SUR_MONTHS <- read.csv("F:/SUR_MONTHS.csv")
SUR_MONTHS$Months <- factor(SUR_MONTHS$Months , levels=c("OCT", "NOV", "DEC", "JAN", "FEB", "MAR"))
                                                      
boxplot(SUR_MONTHS$Counts ~ SUR_MONTHS$Months , ylab="Counts" , 
        xlab="Months of the winter season")
 

Basic plot's graph:
As there are some restrictions for the new user so, please find the basic R plot that I have added in my main question ask section and the ggplot's graph in the following.

ggplots codes:

library(ggplot2)
SUR_MONTHS$Months <- factor(SUR_MONTHS$Months)
my.bp <<-ggplot(data=SUR_MONTHS, aes(y= Counts, x=Months, fill=Months ))
my.bp <- my.bp + geom_boxplot()
my.bp <- my.bp +  ylab("Counts of Species") + xlab("Months")
my.bp

ggplots graph:

Rplot

So, my question is when I ran the basic boxplot, the observation for the October and November were different and there were not outlier in the month of March.

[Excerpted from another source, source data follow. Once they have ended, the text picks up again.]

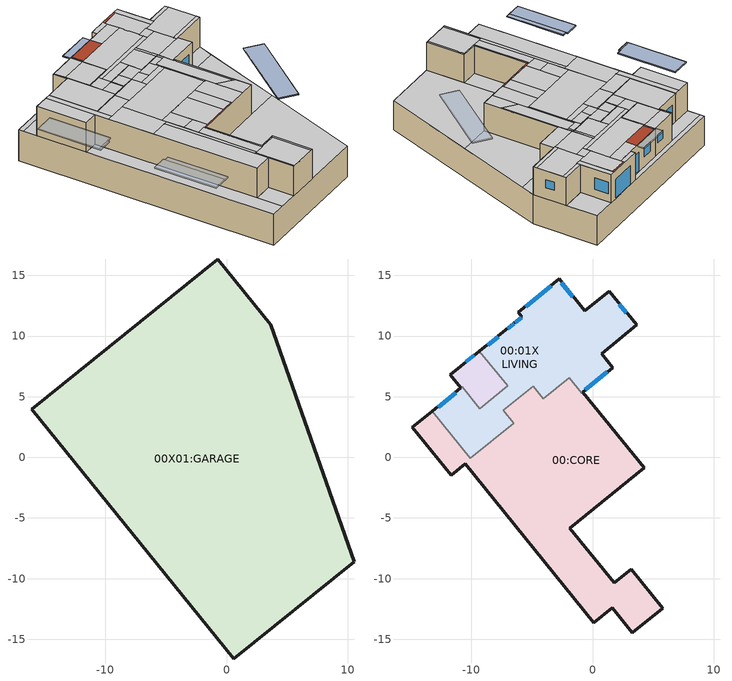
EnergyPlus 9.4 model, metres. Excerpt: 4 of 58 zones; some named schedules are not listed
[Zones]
00X01:GARAGE
 floor ground (_Floor 501_2cm): 0.61,-16.62 -16.05,3.95 -0.74,16.35 3.66,10.91 10.52,-8.6 z-3.3
 wall ground (_ExtWall 119 22cm): 0.61,-16.62 10.52,-8.6 3.66,10.91 -0.74,16.35 -16.05,3.95 0.61,-16.62 z-3.3:0
 ceiling ground (_Roof 564_5 cm): -2.76,14.72 -0.62,12.07 1.4,13.71 -0.74,16.35 z0; -1.87,-5.85 1.78,-10.35 3.19,-9.21 -0.46,-4.7 z0; 0.74,8.55 1.69,7.38 4.19,9.41 3.66,10.91 z0; -0.79,5.37 4.27,-0.88 7.02,1.36 4.19,9.41 z0; -0.46,-4.7 5.8,-12.43 10.52,-8.6 7.02,1.36 z0; -15.74,3.57 -14.86,2.49 -10.86,5.73 -11.74,6.81 z0; -16.05,3.95 -15.74,3.57 -5.84,11.6 -6.14,11.98 z0; 0.11,-13.63 1.78,-15.68 3.29,-14.45 1.63,-12.4 z0; -11.65,-1.49 0.61,-16.62 1.78,-15.68 -10.48,-0.54 z0
00:01XLIVING
 floor to 00X01:GARAGE (_Floor 501_2cm): -11.78,2.01 -13.23,3.81 -10.74,5.82 -9.29,4.03 z0; -7.35,3.9 -8.18,4.92 -7,5.88 -6.17,4.86 z0; -10.08,-0.09 -11.78,2.01 -8.18,4.92 -6.48,2.82 z0; -0.89,5.29 -1.91,6.56 -1.82,6.64 -0.79,5.37 z0; -4.05,4.83 -4.9,5.88 -2.67,7.69 -1.82,6.64 z0; -6.17,4.86 -9.33,8.77 -5.84,11.6 -2.67,7.69 z0; -4,9.34 -6.14,11.98 -2.76,14.72 -0.62,12.07 z0; 0.74,8.55 -1.52,11.34 1.4,13.71 3.66,10.91 z0; -0.79,5.37 -4,9.34 -1.52,11.34 1.69,7.38 z0
 wall outside (_ExtWall 119 22cm): -0.79,5.37 1.69,7.38 0.74,8.55 3.66,10.91 1.4,13.71 -0.62,12.07 -2.76,14.72 -6.14,11.98 -5.84,11.6 -9.33,8.77 / -10.86,5.73 -13.23,3.81 z0:3.15
 wall to 00:CORE (_Core_401 3 cm): -13.23,3.81 -10.08,-0.09 -6.48,2.82 -7.35,3.9 -4.9,5.88 -4.05,4.83 -1.91,6.56 -0.89,5.29 -0.79,5.37 z0:3.15
 wall to 00:01XMMD (_IntPartition): -9.33,8.77 -7,5.88 -9.29,4.03 -10.74,5.82 -10.86,5.73 z0:3.15
 window (_6-10-8 - 1001): -0.61,5.59 1.21,7.06 / -3.41,14.13 -5.5,12.43 / -11.26,5.34 -12.73,4.15 z0.05:2.15
 window (_5-6-6 - 1002): 2.77,11.93 2.21,12.63 z1.25:2.15; -1.62,13.23 -2.57,14.39 z0.85:2.15; -7.79,9.95 -8.65,9.26 / -5.84,11.53 -6.38,11.09 z1.05:2.15; -6.47,11.02 -7.01,10.58 z0.05:2.15
 ceiling to 01:06XLIVING (_IntFloor_Reversed): -7.87,4.63 -7.3,3.94 -4.9,5.88 -5.47,6.57 z3.15; -5.47,6.57 -4.05,4.83 -2.12,6.39 -3.53,8.14 z3.15; -2.32,10.18 -1.8,9.54 -0.91,10.27 -1.43,10.91 z3.15; -4.59,12.98 -2.32,10.18 -0.81,11.41 -3.07,14.21 z3.15; -6.14,11.98 -5.84,11.6 -4.41,12.76 -4.71,13.14 z3.15; -6.74,10.87 -5.98,9.93 -3.64,11.82 -4.41,12.76 z3.15; -8.57,7.83 -7,5.88 -2.07,9.87 -3.64,11.82 z3.15; -8.13,4.96 -7.87,4.63 -1.8,9.54 -2.07,9.87 z3.15
 ceiling to 01:CORE (_Floor 501_2cm): -7.77,1.81 -7.75,1.8 -6.48,2.82 -6.5,2.84 z3.15
 ceiling to 01:05XLIVING (_IntFloor_Reversed): -10.09,-0.07 -10.08,-0.09 -7.75,1.8 -7.77,1.81 z3.15; -8.47,2.99 -7.61,1.94 -6.5,2.84 -7.35,3.9 z3.15; -9.3,4.02 -8.47,2.99 -7.3,3.94 -8.13,4.96 z3.15; -13.23,3.81 -10.09,-0.07 -7.61,1.94 -10.75,5.81 z3.15
 ceiling to 01:02XLIVING (_IntFloor_Reversed): -3.53,8.14 -2.12,6.39 -1.91,6.56 -3.33,8.31 z3.15; -1.84,6.46 -0.89,5.29 1.69,7.38 0.74,8.55 z3.15; 0.37,8.69 0.59,8.42 3.66,10.91 3.44,11.18 z3.15; -3.33,8.31 -1.84,6.46 0.59,8.42 -0.91,10.27 z3.15
 ceiling to 01:05XMMD (_IntFloor_Reversed): -9.33,8.77 -8.57,7.83 -8.46,7.91 -9.22,8.85 z3.15
 ceiling to 01:02XMMD (_IntFloor_Reversed): -1.43,10.91 0.37,8.69 3.44,11.18 1.64,13.39 z3.15
 ceiling to 01:06XMMD (_IntFloor_Reversed): -0.62,12.07 -0.37,11.76 1.64,13.39 1.39,13.7 z3.15; -3.2,14.36 -0.81,11.41 -0.37,11.76 -2.76,14.72 z3.15
 roof outside (_Roof 564_5 cm): -4.71,13.14 -4.59,12.98 -3.07,14.21 -3.2,14.36 z3.15; -9.22,8.85 -8.46,7.91 -5.98,9.93 -6.74,10.87 z3.15
00:CORE
 floor to 00X01:GARAGE (_IntFloor): -11.73,-1.39 -14.86,2.49 -13.23,3.81 -10.09,-0.07 z0; -6.5,2.84 -7.35,3.9 -4.9,5.88 -4.05,4.83 z0; -6.93,0.4 -7.94,1.64 -6.48,2.82 -5.48,1.58 z0; -5.48,1.58 -6.5,2.84 -1.91,6.56 -0.89,5.29 z0; -1.87,-5.85 -6.93,0.4 -0.79,5.37 4.27,-0.88 z0; -0.83,-12.46 -10.48,-0.54 -7.88,1.57 1.78,-10.35 z0; -11.71,-1.41 -11.73,-1.39 -10.09,-0.07 -10.08,-0.09 z0; -11.65,-1.49 -11.71,-1.41 -7.94,1.64 -7.88,1.57 z0; 3.29,-14.45 1.63,-12.4 4.13,-10.38 5.8,-12.43 z0; 0.11,-13.63 -0.83,-12.46 3.19,-9.21 4.13,-10.38 z0
 wall outside (_ExtWall 119 22cm): -13.23,3.81 -14.86,2.49 -11.65,-1.49 -10.48,-0.54 0.11,-13.63 1.63,-12.4 3.29,-14.45 5.8,-12.43 3.19,-9.21 1.78,-10.35 -1.87,-5.85 4.27,-0.88 -0.79,5.37 z0:3.15
 ceiling to 01:06XLIVING (_Floor 501_2cm_Reversed): -7.3,3.94 -6.45,2.88 -5.44,3.7 -6.29,4.75 z3.15; -5.44,3.7 -4.81,2.93 -3.82,3.73 -4.45,4.51 z3.15; -6.29,4.75 -5.44,3.7 -4.05,4.83 -4.9,5.88 z3.15
 ceiling to 01:CORE (_IntFloor_Reversed): -3.07,5.62 -2.66,5.12 -1.71,5.89 -2.12,6.39 z3.15; -0.58,2.55 0.56,1.14 0.66,1.22 -0.49,2.63 z3.15; -6.5,2.84 -6.48,2.82 -5.42,3.68 -5.44,3.7 z3.15; -4.45,4.51 -4.43,4.49 -3.05,5.6 -3.07,5.62 z3.15; -4.43,4.49 -3.82,3.73 -2.44,4.85 -3.05,5.6 z3.15; -4.81,2.93 -4.45,2.48 -2.08,4.4 -2.44,4.85 z3.15; -7.75,1.8 -6.78,0.6 -4.45,2.48 -5.42,3.68 z3.15; -5.13,-3.47 -3.71,-5.22 -2.57,-4.29 -3.99,-2.54 z3.15; -7.77,-0.21 -5.13,-3.47 0.56,1.14 -2.08,4.4 z3.15
 ceiling to 01:03XLIVING (_Floor 501_2cm_Reversed): -1.81,-0.78 0.55,-3.69 1.6,-2.84 -0.76,0.07 z3.15; 1.33,0.39 3.11,-1.81 4.27,-0.88 3.21,0.43 z3.15; -0.76,0.07 1.69,-2.96 3.11,-1.81 0.66,1.22 z3.15; 2.95,-9.4 3.01,-9.48 3.13,-9.39 3.07,-9.31 z3.15; 3.07,-9.31 5.67,-12.53 5.8,-12.43 3.19,-9.21 z3.15
 ceiling to 01:03XMMD (_Floor 501_2cm_Reversed): -3.99,-2.54 -1.63,-5.45 0.55,-3.69 -1.81,-0.78 z3.15
 ceiling to 01:05XLIVING (_Floor 501_2cm_Reversed): -7.35,3.9 -6.5,2.84 -6.45,2.88 -7.3,3.94 z3.15; -14.86,2.49 -11.65,-1.49 -10.48,-0.54 -13.7,3.43 z3.15; -9.57,-1.66 -6.67,-5.25 -4.88,-3.78 -7.77,-0.21 z3.15; -10.08,-0.09 -9.11,-1.29 -6.78,0.6 -7.75,1.8 z3.15; -13.7,3.43 -9.57,-1.66 -9.11,-1.29 -13.23,3.81 z3.15
 ceiling to 01:04XLIVING (_Floor 501_2cm_Reversed): -6.67,-5.25 0.11,-13.63 1.63,-12.4 -5.16,-4.01 z3.15; 0.75,-11.31 3.29,-14.45 3.4,-14.37 0.86,-11.23 z3.15; 1.78,-10.35 1.84,-10.43 3.01,-9.48 2.95,-9.4 z3.15; -0.01,-8.33 1.75,-10.5 1.84,-10.43 0.08,-8.26 z3.15; -2.77,-6.38 1.03,-11.08 1.75,-10.5 -2.05,-5.8 z3.15; -3.71,-5.22 -2.77,-6.38 -1.63,-5.45 -2.57,-4.29 z3.15; -5.16,-4.01 0.75,-11.31 1.03,-11.08 -4.88,-3.78 z3.15
 ceiling to 01:04XMMD (_Floor 501_2cm_Reversed): 0.86,-11.23 3.4,-14.37 5.67,-12.53 3.13,-9.39 z3.15
 ceiling to 01:02XLIVING (_Floor 501_2cm_Reversed): -2.66,5.12 -0.58,2.55 -0.49,2.63 -2.56,5.2 z3.15; -2.12,6.39 -1.71,5.89 -1.5,6.05 -1.91,6.56 z3.15; -0.89,5.29 3.05,0.43 3.21,0.43 -0.79,5.37 z3.15; -2.56,5.2 1.33,0.39 3.05,0.43 -1.5,6.05 z3.15
 roof outside (_Roof 564_5 cm): -1.96,-5.92 -0.01,-8.33 0.08,-8.26 -1.87,-5.85 z3.15; -2.05,-5.8 -1.96,-5.92 1.69,-2.96 1.6,-2.84 z3.15
00:01XMMD
 floor to 00X01:GARAGE (_Floor 501_2cm): -9.29,4.03 -10.74,5.82 -8.45,7.68 -7,5.88 z0; -10.86,5.73 -11.74,6.81 -9.33,8.77 -8.45,7.68 z0
 wall outside (_ExtWall 215 MMD_5.5cm): -9.33,8.77 -11.74,6.81 -10.86,5.73 z0:3.15
 window (_4mm - 1003): -9.74,8.44 -10.44,7.87 z1.25:2.15
 ceiling to 01:05XLIVING (_IntFloor_Reversed): -11.74,6.81 -10.86,5.73 -10.75,5.81 -11.63,6.9 z3.15
 ceiling to 01:05XMMD (_IntFloor_Reversed): -10.86,5.97 -9.29,4.03 -7.01,5.88 -8.58,7.82 z3.15; -11.62,6.91 -10.86,5.97 -8.57,7.83 -9.33,8.77 z3.15
shading: -7.23,-9.34 -8.39,-10.29 / -8.39,-10.29 -4.37,-15.25 / -4.37,-15.25 -2.82,-14 / -2.82,-14 -6.71,-9.19 / -6.71,-9.19 -7.1,-9.5 / -10.88,-4.84 -10.49,-4.52 / -10.49,-4.52 -14.45,0.37 / -14.45,0.37 -16,-0.89 / -16,-0.89 -11.92,-5.94 / -11.92,-5.94 -10.75,-4.99 / 5.63,4.96 5.71,-3.69 / 5.71,-3.69 7.71,-3.67 / 7.71,-3.67 7.63,4.98 / 7.63,4.98 5.63,4.96 / -7.23,11.48 -9.88,9.34 / -9.88,9.34 -9.38,8.73 / -9.38,8.73 -6.74,10.87 / -6.74,10.87 -7.23,11.48 z3.05:3.15; 5.71,-3.69 5.63,4.96 7.63,4.98 7.71,-3.67 z3.05; 5.63,4.96 5.71,-3.69 7.71,-3.67 7.63,4.98 z3.15; -16,-0.89 -12.04,-5.78 -10.49,-4.52 -14.45,0.37 z3.15; -4.37,-15.25 -8.27,-10.44 -6.71,-9.19 -2.82,-14 z3.05; -11.92,-5.94 -16,-0.89 -14.83,0.05 -10.75,-4.99 z3.05; -8.39,-10.29 -4.37,-15.25 -3.2,-14.31 -7.23,-9.34 z3.15; -10.88,-4.84 -14.83,0.05 -14.45,0.37 -10.49,-4.52 z3.05; -7.1,-9.5 -3.2,-14.31 -2.82,-14 -6.71,-9.19 z3.15; -9.38,8.73 -9.88,9.34 -7.23,11.48 -6.74,10.87 z3.05; -9.88,9.34 -9.38,8.73 -6.74,10.87 -7.23,11.48 z3.15; -8.27,-10.44 -8.39,-10.29 -7.23,-9.34 -7.1,-9.5 z3.05; -12.04,-5.78 -11.92,-5.94 -10.75,-4.99 -10.88,-4.84 z3.15
[Building]
HaAtsmon 25: North Axis {deg}=0; Terrain=City; Loads Convergence Tolerance Value {W}=0.04; Temperature Convergence Tolerance Value {deltaC}=0.4; Solar Distribution=FullExterior; Maximum Number of Warmup Days=25; Minimum Number of Warmup Days=6
[Site:Location]
1 (01-01:31-12)  (01-01:31-12): Latitude {deg}=32; Longitude {deg}=34.9; Time Zone {hr}=2; Elevation {m}=49
[Site:GroundTemperature:BuildingSurface]
18, 18, 18, 18, 18, 18, 18, 18, 18, 18, 18, 18
[Site:GroundTemperature:FCfactorMethod]
January Ground Temperature {C}=15.26; February Ground Temperature {C}=16.44; March Ground Temperature {C}=18.73; April Ground Temperature {C}=20.9; May Ground Temperature {C}=25; June Ground Temperature {C}=27.17; July Ground Temperature {C}=27.76; August Ground Temperature {C}=26.66; September Ground Temperature {C}=24.13; October Ground Temperature {C}=20.98; November Ground Temperature {C}=17.87; December Ground Temperature {C}=15.82
[Site:GroundTemperature:Shallow]
18, 18, 18, 18, 18, 18, 18, 18, 18, 18, 18, 18
[Site:GroundTemperature:Deep]
18, 18, 18, 18, 18, 18, 18, 18, 18, 18, 18, 18
[Site:GroundReflectance]
0.2, 0.2, 0.2, 0.2, 0.2, 0.2, 0.2, 0.2, 0.2, 0.2, 0.2, 0.2
[Site:GroundReflectance:SnowModifier]
2, 2
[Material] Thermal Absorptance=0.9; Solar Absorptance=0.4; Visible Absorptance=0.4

But, why this kind of differences happening in the ggplots with the basic plots?

Thank you. I re-added the details of my data in the above.

I thought it might be because the definition of the whiskers/outliers was different. But it seems to be the same for both functions. From the documentation:

  1. boxplot() - "the range parameter (default 1.5) determines how far the plot whiskers extend out from the box. If range is positive, the whiskers extend to the most extreme data point which is no more than range times the interquartile range from the box. A value of zero causes the whiskers to extend to the data extremes."

  2. geom_boxplot() and stat_boxplot() - "coef = length of the whiskers as multiple of IQR. Defaults to 1.5."

1 Like

Thank you for you comments but sorry, I am a little bit confused about it still now. Could you please, elaborate on that?
Also, when I will describe/interpret about it then, how can I say that (if I use the ggplot's graph)?

It's hard to guess what is going on without the data or a representative sample.

I have added the sample formats of my data in my above inquiry section. Again I am copying it here and hope it will provide you an idea on that.
Here, these counts are for a single species recorded in different months.

Months Counts
MAR 3055
DEC 8269
JAN 1012
FEB 2740
MAR 1888
OCT 5116
NOV 5614
DEC 5192
JAN 3172
FEB 5476
MAR 2881
OCT 979
NOV 2090
DEC 1148
JAN 735
FEB 3763
MAR 3027
library(tidyverse)

sur_data <- data.frame(months =rep(c("OCT", "NOV", "DEC", "JAN", "FEB", "MAR"), 20))

sur_data <- mutate(sur_data, counts = runif(min = 100, max=8000, n=120))

boxplot(sur_data$counts ~ sur_data$months,ylab="Counts of Species", 
        xlab="Months of the winter season")

ggplot(data=sur_data, aes(x=months, y=counts)) + 
  geom_boxplot() +  
  ylab("Counts of Species") + 
  xlab("Months of the winter season")

The code above produces these two plot objects:
image

now with ggplot2
image

These look the same. If you can modify the data in this example to show how you get different plots you may have discovered a bug in one of the packages.

1 Like

Thank you so much for your efforts and explanations.

This topic was automatically closed 21 days after the last reply. New replies are no longer allowed.